◆ **Aim of the task**
What do the lines from the top of the data through the line with "doc.units = ezdxf.units.MM" say? Quote them exactly and include both ends.

◆ **Data items**
· · ·

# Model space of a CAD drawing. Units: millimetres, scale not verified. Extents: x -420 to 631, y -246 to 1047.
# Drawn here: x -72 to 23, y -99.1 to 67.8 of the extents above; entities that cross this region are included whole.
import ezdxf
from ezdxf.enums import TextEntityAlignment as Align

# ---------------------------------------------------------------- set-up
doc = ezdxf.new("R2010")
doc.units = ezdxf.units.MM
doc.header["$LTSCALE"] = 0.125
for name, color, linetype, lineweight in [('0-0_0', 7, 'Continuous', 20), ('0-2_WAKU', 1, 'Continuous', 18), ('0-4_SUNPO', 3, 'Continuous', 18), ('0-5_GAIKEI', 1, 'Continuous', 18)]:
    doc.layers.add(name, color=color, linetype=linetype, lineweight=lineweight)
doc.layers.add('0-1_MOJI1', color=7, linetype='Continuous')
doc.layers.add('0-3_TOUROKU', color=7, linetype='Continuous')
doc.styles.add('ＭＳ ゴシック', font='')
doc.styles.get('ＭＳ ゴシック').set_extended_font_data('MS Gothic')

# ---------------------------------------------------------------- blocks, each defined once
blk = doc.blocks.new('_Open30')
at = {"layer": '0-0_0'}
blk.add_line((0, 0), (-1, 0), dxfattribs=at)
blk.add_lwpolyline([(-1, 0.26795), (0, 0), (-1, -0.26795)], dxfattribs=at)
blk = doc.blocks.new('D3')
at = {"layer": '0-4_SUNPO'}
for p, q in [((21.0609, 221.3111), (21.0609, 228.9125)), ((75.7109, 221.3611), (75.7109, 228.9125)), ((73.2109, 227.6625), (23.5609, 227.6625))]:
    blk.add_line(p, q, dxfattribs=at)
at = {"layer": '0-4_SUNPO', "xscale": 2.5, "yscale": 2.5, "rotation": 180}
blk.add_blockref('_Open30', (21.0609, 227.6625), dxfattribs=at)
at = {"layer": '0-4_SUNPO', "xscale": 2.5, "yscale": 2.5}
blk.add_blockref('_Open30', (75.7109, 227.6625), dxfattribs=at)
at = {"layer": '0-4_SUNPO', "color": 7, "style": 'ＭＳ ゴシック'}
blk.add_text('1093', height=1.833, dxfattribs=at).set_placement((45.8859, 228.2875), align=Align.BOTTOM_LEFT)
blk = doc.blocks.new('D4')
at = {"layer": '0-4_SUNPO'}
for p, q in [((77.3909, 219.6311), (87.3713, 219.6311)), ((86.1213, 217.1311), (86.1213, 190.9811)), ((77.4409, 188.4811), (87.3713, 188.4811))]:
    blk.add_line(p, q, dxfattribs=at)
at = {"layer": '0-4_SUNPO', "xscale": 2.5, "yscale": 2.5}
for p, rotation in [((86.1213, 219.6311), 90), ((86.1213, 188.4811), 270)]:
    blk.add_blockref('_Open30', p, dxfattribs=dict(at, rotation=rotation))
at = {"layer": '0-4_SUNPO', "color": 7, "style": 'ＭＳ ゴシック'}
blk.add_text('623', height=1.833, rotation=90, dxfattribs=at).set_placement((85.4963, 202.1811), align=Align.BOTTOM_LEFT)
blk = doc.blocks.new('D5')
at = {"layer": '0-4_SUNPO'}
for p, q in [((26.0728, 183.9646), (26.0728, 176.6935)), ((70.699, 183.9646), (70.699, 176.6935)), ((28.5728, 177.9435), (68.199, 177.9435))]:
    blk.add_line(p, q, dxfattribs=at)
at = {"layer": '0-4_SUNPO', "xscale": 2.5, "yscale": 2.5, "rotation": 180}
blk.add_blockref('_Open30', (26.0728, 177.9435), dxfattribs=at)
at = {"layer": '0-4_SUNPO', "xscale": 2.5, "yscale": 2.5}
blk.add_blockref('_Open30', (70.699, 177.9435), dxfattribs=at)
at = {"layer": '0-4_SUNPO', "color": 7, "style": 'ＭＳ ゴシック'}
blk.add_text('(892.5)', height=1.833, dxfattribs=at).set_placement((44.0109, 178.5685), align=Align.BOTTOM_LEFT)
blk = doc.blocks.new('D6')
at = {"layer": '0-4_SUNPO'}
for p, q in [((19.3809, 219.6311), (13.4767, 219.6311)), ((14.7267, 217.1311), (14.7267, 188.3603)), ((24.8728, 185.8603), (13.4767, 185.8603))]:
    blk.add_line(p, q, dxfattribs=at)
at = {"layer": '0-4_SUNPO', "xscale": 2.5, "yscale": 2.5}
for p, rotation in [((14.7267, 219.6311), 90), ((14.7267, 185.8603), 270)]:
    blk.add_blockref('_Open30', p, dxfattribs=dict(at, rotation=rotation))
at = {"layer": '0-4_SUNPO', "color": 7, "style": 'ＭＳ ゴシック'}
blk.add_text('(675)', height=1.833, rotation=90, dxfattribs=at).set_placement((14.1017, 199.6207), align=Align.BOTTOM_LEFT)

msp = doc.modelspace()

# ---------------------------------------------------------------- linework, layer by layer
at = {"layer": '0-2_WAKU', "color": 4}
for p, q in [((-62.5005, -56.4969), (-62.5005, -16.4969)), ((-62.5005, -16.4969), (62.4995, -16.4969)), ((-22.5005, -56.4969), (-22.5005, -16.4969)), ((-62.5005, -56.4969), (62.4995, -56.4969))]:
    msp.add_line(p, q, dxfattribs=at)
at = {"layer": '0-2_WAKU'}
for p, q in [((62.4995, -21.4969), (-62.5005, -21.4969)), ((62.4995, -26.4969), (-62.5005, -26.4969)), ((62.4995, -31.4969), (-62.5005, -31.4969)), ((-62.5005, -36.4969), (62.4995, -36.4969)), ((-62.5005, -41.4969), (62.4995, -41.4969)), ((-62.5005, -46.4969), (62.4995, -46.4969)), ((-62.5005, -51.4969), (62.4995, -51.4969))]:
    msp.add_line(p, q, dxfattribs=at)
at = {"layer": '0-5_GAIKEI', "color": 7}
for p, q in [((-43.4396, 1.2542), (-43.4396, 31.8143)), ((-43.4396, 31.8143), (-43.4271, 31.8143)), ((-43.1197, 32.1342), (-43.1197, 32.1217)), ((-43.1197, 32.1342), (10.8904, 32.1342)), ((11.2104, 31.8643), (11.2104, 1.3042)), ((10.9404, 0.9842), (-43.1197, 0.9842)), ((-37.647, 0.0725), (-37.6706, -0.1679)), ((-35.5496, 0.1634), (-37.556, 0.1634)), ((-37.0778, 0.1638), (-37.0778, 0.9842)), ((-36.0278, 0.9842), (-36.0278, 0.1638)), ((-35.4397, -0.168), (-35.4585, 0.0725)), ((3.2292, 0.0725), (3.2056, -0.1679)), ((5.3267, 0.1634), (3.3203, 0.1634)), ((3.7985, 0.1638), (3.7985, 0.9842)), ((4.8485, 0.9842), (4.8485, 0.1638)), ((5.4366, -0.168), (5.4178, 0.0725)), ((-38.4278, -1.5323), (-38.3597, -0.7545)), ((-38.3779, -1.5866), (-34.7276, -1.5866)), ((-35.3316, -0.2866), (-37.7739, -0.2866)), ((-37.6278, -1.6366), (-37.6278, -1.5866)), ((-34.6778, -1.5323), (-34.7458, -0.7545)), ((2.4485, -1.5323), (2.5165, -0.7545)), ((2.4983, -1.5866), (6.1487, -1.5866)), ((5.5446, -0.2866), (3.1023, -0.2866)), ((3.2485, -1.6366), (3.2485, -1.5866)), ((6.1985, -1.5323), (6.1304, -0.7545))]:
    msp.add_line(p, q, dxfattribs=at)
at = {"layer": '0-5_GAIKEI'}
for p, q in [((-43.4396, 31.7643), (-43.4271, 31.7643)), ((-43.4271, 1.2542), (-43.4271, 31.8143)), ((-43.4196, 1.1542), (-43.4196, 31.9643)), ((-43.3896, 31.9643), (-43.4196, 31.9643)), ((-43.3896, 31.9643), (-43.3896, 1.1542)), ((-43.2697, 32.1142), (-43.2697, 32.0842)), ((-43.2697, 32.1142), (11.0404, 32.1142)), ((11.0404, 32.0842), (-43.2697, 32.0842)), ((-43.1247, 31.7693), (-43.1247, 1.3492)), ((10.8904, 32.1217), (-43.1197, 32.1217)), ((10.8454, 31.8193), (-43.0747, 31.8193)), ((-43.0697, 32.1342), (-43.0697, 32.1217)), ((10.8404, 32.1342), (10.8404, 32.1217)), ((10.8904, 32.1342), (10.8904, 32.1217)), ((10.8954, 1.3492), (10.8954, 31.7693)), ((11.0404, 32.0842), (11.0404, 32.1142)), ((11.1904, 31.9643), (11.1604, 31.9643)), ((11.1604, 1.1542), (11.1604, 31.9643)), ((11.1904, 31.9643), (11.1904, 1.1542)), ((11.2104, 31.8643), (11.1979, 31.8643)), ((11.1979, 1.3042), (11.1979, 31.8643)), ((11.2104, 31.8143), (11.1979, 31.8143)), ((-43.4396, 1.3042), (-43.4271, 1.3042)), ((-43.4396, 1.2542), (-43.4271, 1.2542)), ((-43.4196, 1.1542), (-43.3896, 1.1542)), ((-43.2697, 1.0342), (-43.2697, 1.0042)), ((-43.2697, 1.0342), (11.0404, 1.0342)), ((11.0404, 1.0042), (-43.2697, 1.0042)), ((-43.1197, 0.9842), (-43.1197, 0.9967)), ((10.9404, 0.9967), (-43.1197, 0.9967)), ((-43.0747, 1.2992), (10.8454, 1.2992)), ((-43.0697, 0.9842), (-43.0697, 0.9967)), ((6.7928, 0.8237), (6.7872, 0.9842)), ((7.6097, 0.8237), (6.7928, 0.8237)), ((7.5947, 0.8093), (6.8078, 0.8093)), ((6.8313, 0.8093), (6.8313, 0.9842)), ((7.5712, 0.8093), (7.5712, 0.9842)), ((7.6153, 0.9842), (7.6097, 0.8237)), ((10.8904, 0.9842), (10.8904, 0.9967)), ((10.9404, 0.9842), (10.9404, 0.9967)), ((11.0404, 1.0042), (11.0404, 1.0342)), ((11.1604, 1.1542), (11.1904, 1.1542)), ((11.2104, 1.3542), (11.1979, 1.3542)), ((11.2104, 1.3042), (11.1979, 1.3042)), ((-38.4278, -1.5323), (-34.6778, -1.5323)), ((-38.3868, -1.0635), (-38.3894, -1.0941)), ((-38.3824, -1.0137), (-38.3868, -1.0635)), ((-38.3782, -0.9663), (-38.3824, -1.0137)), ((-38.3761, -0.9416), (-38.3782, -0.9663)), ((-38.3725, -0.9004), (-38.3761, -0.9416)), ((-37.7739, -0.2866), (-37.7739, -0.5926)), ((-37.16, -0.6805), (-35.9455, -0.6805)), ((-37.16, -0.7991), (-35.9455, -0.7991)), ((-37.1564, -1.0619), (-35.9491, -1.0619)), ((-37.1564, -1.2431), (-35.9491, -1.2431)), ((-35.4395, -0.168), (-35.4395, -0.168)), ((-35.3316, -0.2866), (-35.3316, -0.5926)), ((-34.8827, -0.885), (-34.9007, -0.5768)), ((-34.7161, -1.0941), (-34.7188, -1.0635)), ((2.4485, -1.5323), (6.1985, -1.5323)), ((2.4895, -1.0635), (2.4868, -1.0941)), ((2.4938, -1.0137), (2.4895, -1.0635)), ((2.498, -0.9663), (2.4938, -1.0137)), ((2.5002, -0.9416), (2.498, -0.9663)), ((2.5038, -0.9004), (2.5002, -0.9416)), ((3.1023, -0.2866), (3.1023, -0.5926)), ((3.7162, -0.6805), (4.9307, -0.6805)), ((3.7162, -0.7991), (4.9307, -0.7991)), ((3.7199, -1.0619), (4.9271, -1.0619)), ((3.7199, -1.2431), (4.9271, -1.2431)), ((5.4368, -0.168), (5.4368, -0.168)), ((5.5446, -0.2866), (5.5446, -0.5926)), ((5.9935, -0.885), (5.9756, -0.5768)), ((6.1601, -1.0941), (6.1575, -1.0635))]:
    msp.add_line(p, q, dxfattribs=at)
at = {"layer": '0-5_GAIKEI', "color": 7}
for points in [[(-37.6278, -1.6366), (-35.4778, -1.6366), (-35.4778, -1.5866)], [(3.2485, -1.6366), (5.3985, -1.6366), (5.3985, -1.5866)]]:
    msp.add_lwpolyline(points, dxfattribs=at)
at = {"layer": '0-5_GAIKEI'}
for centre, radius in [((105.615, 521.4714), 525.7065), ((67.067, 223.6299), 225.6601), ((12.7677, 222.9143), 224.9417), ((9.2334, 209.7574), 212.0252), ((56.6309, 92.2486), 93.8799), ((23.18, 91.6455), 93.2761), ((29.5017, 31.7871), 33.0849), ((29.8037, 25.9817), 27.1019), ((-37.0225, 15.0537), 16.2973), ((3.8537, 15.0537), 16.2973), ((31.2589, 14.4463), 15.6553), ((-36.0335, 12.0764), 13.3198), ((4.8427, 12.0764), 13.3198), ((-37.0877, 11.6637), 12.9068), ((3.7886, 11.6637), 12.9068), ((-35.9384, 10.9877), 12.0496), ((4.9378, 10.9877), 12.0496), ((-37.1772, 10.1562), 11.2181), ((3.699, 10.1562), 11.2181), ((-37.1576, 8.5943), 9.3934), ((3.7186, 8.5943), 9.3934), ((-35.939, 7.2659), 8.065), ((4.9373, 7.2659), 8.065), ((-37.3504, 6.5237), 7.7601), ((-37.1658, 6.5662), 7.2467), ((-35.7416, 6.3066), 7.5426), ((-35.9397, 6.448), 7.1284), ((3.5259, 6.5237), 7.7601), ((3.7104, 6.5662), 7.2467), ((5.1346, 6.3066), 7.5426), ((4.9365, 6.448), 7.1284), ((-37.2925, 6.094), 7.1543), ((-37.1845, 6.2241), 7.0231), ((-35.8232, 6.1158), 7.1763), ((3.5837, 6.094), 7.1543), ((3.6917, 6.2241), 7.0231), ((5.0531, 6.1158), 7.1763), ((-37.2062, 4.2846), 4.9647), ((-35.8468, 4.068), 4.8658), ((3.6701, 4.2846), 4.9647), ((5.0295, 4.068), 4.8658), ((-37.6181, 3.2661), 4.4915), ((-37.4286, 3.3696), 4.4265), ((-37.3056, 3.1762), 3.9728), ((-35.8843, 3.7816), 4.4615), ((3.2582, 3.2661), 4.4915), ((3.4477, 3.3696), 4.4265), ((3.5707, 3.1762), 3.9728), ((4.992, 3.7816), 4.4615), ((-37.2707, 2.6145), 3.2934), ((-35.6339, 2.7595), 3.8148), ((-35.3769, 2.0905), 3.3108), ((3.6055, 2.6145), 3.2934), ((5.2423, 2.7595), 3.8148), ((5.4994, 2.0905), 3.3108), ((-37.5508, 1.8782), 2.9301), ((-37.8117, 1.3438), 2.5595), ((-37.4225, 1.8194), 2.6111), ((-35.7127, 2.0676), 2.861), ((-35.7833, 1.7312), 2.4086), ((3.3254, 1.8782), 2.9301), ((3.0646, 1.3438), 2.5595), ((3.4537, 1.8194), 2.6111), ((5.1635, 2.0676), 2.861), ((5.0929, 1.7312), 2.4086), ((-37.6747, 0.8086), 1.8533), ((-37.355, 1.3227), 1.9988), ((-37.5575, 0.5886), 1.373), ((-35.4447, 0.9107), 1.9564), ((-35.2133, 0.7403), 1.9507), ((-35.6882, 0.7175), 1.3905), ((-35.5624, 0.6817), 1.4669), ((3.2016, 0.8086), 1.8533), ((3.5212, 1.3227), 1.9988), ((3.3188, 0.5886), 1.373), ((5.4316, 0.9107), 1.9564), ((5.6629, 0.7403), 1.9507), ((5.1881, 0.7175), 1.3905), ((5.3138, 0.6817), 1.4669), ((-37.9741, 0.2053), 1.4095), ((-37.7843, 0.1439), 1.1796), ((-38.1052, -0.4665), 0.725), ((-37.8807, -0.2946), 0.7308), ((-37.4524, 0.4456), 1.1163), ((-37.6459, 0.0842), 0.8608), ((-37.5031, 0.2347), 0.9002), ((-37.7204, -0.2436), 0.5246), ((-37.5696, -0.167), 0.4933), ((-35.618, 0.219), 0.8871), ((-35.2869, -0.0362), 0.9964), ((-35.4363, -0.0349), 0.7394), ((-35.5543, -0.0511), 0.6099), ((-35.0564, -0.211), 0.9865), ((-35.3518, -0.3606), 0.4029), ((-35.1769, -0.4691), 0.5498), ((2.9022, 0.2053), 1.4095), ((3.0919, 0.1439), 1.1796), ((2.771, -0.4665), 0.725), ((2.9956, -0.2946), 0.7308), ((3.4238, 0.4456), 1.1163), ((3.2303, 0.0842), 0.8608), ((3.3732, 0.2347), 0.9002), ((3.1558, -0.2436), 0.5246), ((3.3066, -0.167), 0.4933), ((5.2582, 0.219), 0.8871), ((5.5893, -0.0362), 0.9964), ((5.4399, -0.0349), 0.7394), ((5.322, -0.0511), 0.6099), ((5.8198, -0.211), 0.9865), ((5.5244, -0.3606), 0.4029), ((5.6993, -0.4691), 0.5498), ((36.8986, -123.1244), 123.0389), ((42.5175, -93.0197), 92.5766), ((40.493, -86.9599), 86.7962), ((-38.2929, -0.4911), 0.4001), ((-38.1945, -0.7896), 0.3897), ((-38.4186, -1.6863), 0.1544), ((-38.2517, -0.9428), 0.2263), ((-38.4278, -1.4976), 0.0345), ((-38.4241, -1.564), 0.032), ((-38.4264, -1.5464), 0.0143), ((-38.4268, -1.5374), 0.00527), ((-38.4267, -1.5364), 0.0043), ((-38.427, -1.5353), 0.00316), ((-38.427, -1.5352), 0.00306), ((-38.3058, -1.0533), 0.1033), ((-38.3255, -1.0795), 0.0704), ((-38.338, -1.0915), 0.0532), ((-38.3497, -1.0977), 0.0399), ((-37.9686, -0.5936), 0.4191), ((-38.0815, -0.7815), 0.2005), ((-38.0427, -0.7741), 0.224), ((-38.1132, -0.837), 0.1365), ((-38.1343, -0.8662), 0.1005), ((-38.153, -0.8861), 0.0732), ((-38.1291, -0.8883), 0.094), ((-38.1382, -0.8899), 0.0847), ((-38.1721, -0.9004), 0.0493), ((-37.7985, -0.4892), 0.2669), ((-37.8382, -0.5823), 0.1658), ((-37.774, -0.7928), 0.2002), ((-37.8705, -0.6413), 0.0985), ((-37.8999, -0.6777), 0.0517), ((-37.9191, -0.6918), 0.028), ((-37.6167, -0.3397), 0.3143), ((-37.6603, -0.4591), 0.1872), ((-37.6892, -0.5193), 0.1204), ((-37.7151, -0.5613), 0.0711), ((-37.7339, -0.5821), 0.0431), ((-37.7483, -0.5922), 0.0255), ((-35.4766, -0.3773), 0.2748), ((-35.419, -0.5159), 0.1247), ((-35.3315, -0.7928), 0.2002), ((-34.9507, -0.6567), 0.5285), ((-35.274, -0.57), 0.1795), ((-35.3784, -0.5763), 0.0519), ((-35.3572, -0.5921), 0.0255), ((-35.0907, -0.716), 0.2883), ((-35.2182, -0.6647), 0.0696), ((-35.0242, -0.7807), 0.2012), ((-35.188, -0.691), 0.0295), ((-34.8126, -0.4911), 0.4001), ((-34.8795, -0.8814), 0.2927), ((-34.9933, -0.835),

· · ·

◆ **Answer for this exercise**
# Model space of a CAD drawing. Units: millimetres, scale not verified. Extents: x -420 to 631, y -246 to 1047.
# Drawn here: x -72 to 23, y -99.1 to 67.8 of the extents above; entities that cross this region are included whole.
import ezdxf
from ezdxf.enums import TextEntityAlignment as Align

# ---------------------------------------------------------------- set-up
doc = ezdxf.new("R2010")
doc.units = ezdxf.units.MM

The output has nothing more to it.